I gauchos insopportabili di Roberto Bolaño


Adelphi ha pubblicato a inizio anno una raccolta di racconti e riflessioni di Roberto Bolaño che prende il nome da uno degli scritti che la compongono (Il gaucho insopportabile).  Si tratta di un insieme di scritti eterogenei, i primi cinque sono racconti, gli ultimi due sono estratti da conferenze dello scrittore cileno che ha fatto prima del Messico e poi della Spagna la sua casa. Consegnato in questa forma dallo scrittore al suo editore spagnolo poche settimane prima di morire, Il gaucho insopportabile ci fa entrare in un territorio dove immaginazione e scrittura sembrano in continua lotta per sintetizzare schegge di poesia che Bolaño conficca nei suoi racconti e nelle sue riflessioni, sfidando il lettore a estrarle per vedere se l’intero castello letterario verrà giù.

I

n ogni racconto si nasconde l’autore che regala ai personaggi che crea le sue domande più intime. Lo vediamo fin dal primo racconto (JIM) in cui al sesto rigo il lettore affronta la domanda: «Che cos’è la poesia, Jim?» e poi qualche rigo più in basso tentativi di risposte: «Lessico, eloquenza, ricerca della verità. Epifania […] cerco lo straordinario per dirlo con parole normalissime». E inevitabilmente un’altra domanda: «Tu credi che esistano parole normalissime?» Bolaño avvisa il lettore di ciò che lo aspetta. Non ci saranno trame serrate o dialoghi rivelatori nei suoi racconti e spesso il flusso di coscienza dei suoi personaggi (che non fa altro che ricalcare quello del loro creatore) conquisterà troppo spazio, trasformando la narrazione in puro fondale per le domande cui l’autore sente di non potersi sottrarre: il significato della vita, le ragioni per cui valga viverla, se ciò che è giusto per sé debba prevalere su ciò che è giusto per gli altri.

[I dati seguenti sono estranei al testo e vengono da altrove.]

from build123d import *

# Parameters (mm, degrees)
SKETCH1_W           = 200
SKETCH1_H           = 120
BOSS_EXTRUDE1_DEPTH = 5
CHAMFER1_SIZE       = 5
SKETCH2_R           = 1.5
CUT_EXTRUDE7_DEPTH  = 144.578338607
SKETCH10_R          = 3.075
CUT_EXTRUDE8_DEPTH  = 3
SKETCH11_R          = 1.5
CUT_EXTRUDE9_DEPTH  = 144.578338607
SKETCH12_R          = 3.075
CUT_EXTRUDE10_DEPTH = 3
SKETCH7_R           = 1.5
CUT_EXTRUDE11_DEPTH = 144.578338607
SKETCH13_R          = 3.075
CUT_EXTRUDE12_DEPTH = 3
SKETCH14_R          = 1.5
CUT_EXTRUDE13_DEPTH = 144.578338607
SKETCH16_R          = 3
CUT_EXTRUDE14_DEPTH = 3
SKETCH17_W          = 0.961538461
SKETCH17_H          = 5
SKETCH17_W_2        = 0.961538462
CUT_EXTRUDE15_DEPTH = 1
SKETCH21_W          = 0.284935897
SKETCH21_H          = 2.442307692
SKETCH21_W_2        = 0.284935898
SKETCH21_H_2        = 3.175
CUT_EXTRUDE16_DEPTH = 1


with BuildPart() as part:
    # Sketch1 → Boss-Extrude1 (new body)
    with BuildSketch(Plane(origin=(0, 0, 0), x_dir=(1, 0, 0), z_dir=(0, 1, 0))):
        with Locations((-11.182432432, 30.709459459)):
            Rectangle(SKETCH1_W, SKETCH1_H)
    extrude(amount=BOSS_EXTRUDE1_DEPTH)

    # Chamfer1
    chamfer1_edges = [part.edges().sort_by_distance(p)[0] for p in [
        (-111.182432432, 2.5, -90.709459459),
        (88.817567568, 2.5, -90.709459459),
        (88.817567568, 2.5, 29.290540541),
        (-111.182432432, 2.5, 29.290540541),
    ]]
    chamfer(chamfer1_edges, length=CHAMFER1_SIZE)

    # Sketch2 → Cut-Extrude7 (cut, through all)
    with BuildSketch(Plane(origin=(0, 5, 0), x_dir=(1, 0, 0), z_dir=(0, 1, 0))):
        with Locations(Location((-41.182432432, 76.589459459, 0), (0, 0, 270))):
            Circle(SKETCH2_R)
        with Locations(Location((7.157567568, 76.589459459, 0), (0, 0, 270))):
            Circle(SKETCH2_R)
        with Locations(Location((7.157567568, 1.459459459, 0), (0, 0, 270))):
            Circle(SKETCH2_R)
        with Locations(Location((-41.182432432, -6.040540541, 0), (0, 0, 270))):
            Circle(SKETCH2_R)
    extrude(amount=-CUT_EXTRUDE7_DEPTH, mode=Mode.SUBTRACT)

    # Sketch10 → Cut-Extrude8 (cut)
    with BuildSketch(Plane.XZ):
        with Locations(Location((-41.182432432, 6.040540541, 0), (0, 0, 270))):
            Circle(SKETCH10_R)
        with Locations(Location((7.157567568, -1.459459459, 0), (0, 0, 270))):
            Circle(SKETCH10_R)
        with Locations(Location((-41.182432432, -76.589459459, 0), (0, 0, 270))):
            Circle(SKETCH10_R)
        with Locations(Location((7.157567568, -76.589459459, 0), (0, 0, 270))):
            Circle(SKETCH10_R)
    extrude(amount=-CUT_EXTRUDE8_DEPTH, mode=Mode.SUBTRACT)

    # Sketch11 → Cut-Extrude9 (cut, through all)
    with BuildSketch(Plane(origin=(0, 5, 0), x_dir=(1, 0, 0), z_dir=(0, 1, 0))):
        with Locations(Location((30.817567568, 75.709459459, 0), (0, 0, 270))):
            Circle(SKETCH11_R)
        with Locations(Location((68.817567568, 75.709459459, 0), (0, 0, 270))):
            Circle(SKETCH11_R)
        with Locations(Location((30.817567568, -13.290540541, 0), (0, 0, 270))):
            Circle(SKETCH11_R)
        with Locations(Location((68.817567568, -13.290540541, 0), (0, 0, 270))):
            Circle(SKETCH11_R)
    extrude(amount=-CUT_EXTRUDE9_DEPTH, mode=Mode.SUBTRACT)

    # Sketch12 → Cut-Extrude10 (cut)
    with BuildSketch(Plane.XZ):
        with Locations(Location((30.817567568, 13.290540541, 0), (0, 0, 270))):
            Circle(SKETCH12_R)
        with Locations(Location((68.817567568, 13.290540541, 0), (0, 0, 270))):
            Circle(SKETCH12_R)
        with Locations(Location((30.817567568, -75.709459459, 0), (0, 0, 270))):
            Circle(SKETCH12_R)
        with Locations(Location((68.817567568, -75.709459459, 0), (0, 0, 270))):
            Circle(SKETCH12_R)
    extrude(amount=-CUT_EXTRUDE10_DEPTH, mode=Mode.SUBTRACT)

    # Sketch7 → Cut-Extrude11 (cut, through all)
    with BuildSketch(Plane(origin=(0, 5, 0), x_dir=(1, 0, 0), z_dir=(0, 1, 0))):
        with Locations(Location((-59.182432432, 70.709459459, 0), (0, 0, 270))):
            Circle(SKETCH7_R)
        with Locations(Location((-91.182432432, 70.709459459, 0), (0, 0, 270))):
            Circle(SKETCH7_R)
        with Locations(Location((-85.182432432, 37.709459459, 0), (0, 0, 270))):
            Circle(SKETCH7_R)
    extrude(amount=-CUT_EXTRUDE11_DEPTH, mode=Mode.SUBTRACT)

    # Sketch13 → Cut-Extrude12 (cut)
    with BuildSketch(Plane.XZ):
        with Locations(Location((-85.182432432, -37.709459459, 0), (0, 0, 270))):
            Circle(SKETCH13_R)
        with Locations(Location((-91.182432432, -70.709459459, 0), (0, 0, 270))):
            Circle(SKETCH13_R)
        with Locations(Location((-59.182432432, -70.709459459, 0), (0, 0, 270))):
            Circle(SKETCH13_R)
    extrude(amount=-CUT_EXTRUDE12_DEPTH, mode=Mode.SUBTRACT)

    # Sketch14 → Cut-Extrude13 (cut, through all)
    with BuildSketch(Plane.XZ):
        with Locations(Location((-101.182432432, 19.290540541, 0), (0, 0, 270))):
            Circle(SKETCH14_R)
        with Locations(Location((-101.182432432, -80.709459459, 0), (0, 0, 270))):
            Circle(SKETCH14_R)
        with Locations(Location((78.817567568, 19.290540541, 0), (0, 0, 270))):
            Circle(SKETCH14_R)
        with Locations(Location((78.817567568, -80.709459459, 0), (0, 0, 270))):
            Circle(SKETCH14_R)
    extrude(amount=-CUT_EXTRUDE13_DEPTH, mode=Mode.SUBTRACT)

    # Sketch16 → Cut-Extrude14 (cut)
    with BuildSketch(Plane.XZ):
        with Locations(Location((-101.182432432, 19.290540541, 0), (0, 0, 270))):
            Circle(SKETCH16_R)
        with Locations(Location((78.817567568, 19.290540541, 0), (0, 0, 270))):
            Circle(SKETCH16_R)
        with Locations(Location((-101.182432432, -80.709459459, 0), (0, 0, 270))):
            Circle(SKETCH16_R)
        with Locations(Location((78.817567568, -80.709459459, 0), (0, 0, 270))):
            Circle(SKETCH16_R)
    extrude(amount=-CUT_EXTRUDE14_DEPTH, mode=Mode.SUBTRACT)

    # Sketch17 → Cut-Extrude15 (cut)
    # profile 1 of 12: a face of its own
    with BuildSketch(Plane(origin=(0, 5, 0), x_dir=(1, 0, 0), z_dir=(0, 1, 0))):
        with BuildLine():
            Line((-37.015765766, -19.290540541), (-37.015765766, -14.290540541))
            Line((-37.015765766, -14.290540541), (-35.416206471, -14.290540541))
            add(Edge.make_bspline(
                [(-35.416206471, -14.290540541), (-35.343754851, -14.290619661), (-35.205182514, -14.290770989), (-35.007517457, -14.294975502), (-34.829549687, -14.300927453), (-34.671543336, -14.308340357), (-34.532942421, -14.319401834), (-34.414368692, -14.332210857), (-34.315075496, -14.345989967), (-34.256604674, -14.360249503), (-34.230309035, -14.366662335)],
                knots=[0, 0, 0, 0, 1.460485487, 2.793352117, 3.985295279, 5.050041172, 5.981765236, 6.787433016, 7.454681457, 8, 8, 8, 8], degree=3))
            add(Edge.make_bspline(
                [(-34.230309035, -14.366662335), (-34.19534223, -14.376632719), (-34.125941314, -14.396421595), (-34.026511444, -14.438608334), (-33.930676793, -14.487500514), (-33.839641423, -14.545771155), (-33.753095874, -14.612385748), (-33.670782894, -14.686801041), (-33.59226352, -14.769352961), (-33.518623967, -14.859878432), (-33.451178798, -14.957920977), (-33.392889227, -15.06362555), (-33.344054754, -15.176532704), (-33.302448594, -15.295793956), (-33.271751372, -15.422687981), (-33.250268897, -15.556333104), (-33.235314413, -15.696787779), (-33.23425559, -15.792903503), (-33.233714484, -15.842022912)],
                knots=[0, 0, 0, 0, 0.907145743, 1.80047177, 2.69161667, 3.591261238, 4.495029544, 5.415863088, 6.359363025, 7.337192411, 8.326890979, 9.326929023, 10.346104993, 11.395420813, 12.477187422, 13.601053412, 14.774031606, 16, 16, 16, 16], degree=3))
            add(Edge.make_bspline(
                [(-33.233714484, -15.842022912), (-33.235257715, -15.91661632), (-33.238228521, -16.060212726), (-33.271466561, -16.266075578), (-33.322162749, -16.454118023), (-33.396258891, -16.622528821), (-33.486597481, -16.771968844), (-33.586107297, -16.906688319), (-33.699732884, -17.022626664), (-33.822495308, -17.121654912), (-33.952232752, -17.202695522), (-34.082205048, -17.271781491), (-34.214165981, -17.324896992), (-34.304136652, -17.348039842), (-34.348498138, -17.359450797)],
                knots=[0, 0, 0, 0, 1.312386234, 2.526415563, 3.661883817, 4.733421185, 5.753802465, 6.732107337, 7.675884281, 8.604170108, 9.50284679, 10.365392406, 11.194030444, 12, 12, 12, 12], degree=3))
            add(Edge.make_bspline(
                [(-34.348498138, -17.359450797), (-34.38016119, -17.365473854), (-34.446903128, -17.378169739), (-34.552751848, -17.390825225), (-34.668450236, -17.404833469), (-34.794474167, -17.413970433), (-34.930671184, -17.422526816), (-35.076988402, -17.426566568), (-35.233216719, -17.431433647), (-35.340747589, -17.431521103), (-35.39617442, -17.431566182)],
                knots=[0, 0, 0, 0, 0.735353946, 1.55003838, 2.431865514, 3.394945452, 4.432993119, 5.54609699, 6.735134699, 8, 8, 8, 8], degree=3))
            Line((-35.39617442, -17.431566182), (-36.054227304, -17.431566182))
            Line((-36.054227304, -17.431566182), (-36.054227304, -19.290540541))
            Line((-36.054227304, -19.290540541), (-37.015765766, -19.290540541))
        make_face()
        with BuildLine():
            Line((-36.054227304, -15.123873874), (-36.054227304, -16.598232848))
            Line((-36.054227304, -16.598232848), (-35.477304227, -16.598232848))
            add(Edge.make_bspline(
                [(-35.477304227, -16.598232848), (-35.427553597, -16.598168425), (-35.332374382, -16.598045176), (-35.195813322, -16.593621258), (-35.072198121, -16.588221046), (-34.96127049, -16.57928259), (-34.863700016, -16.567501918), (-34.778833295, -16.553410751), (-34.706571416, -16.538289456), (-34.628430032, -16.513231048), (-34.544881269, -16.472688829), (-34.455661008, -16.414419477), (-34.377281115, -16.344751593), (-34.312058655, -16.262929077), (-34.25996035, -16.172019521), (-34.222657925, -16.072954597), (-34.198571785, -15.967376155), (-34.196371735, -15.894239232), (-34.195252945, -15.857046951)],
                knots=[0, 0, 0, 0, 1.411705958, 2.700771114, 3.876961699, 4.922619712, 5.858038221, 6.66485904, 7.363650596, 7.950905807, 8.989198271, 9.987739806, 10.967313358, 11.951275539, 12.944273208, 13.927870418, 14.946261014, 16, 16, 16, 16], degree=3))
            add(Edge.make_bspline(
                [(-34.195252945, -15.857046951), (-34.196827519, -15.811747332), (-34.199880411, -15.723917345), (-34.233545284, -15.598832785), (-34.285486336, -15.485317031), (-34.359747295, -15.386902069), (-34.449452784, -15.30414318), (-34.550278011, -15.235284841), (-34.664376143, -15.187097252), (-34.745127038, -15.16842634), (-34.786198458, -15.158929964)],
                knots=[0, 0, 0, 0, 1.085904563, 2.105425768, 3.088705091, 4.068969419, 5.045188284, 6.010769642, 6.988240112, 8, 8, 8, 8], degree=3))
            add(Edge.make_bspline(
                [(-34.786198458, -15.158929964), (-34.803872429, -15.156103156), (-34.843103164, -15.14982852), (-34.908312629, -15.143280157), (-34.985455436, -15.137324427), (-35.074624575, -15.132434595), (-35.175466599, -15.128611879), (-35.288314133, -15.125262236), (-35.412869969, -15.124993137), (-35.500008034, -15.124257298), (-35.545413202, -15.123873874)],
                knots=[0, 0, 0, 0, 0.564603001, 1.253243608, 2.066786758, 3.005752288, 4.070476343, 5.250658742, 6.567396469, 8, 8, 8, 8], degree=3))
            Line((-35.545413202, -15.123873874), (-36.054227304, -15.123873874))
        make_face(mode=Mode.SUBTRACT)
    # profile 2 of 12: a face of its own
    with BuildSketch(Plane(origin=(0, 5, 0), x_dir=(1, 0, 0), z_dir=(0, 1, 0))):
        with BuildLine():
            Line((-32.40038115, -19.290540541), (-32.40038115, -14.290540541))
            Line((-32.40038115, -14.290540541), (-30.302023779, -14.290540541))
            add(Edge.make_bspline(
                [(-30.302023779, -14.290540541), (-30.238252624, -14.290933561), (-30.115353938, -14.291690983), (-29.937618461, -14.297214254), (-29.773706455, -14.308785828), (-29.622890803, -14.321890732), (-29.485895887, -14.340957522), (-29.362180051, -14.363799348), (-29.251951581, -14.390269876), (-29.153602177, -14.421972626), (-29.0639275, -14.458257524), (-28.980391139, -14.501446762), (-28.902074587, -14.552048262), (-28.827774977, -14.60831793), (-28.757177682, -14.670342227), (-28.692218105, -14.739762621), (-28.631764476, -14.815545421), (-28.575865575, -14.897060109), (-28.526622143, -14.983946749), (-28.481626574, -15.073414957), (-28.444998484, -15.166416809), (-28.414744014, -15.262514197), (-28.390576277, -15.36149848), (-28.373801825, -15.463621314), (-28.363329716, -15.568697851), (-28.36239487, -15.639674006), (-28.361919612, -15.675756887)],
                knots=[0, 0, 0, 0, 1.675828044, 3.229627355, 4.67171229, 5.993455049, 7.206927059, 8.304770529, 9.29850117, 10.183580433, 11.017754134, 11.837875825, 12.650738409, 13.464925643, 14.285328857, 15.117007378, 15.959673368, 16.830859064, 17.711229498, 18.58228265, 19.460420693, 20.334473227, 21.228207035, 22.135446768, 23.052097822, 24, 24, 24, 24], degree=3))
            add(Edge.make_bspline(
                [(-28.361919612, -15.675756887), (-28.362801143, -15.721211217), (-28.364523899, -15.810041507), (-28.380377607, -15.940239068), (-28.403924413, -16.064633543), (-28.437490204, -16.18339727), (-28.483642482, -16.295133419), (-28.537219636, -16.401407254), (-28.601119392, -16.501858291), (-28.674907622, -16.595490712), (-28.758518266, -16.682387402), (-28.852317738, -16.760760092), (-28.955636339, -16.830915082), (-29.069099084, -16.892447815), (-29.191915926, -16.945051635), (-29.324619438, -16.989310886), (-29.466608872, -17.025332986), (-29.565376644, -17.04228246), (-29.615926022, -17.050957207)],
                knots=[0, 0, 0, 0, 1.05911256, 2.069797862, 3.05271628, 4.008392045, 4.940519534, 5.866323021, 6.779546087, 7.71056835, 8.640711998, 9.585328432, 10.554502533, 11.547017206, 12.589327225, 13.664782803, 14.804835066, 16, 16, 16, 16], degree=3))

Domande, certezze abbattute, ricostruite, abbattute nuovamente. Accade nel racconto Il gaucho insopportabile, in cui Hector Pereda, avvocato irreprensibile e perfetto padre di famiglia, rifiuta la vita che ha preservato per anni, rifugiandosi nel deserto insieme ai gauchos, dove si troverà ad osservare notti buie «come la bocca di un lupo». Lo stesso tema ritorna ne Il viaggio di Alvaro Rousselot, uno scrittore argentino alla ricerca di un successo che non arriva mai. Dopo l’ennesima delusione Alvaro partirà per Parigi alla ricerca di un regista che (Alvaro ne è sicuro) ha plagiato un suo romanzo per farne un film. Lo fa perché ha paura che la sua passione per la scrittura si sia atrofizzata, mossa solo dal desiderio di diventare famoso e non da una reale necessità a scrivere. Necessità che Bolaño mette in discussione: «Diventiamo tutti vittime dell’oggetto della nostra adorazione, forse perché ogni passione tende – più velocemente delle altre emozioni umane – alla sua fine, forse per un’eccessiva frequentazione dell’oggetto del desiderio». Dubbio che si amplifica quando Alvaro incontrerà il piccolo editore che ha tradotto un romanzo di Rousselot in francese. «Da Camus in poi l’unica cosa che interessa qui sono i soldi» gli dirà l’editore, eppure sarà proprio in quel momento che Rousselot capirà di non essere andato a Parigi alla ricerca della fama né di un nuovo romanzo, ma solo di qualcuno capace di ascoltarlo.


Stile giornalistico e descrizioni di emozioni smussate si alternano a periodi in cui le frasi sono tentativi di bloccare il pensiero, funzionali in alcuni racconti, meno riusciti e baroccheggianti in altri. Questo può confondere e demoralizzare anche il lettore più scaltro, ma ogni lettura è un viaggio e (come ci ricorda proprio Bolaño) Baudelaire diceva: «Per il bambino innamorato delle mappe e delle stampe – e noi diremmo anche per il lettore -  l’universo è pari alla sua immensa voglia».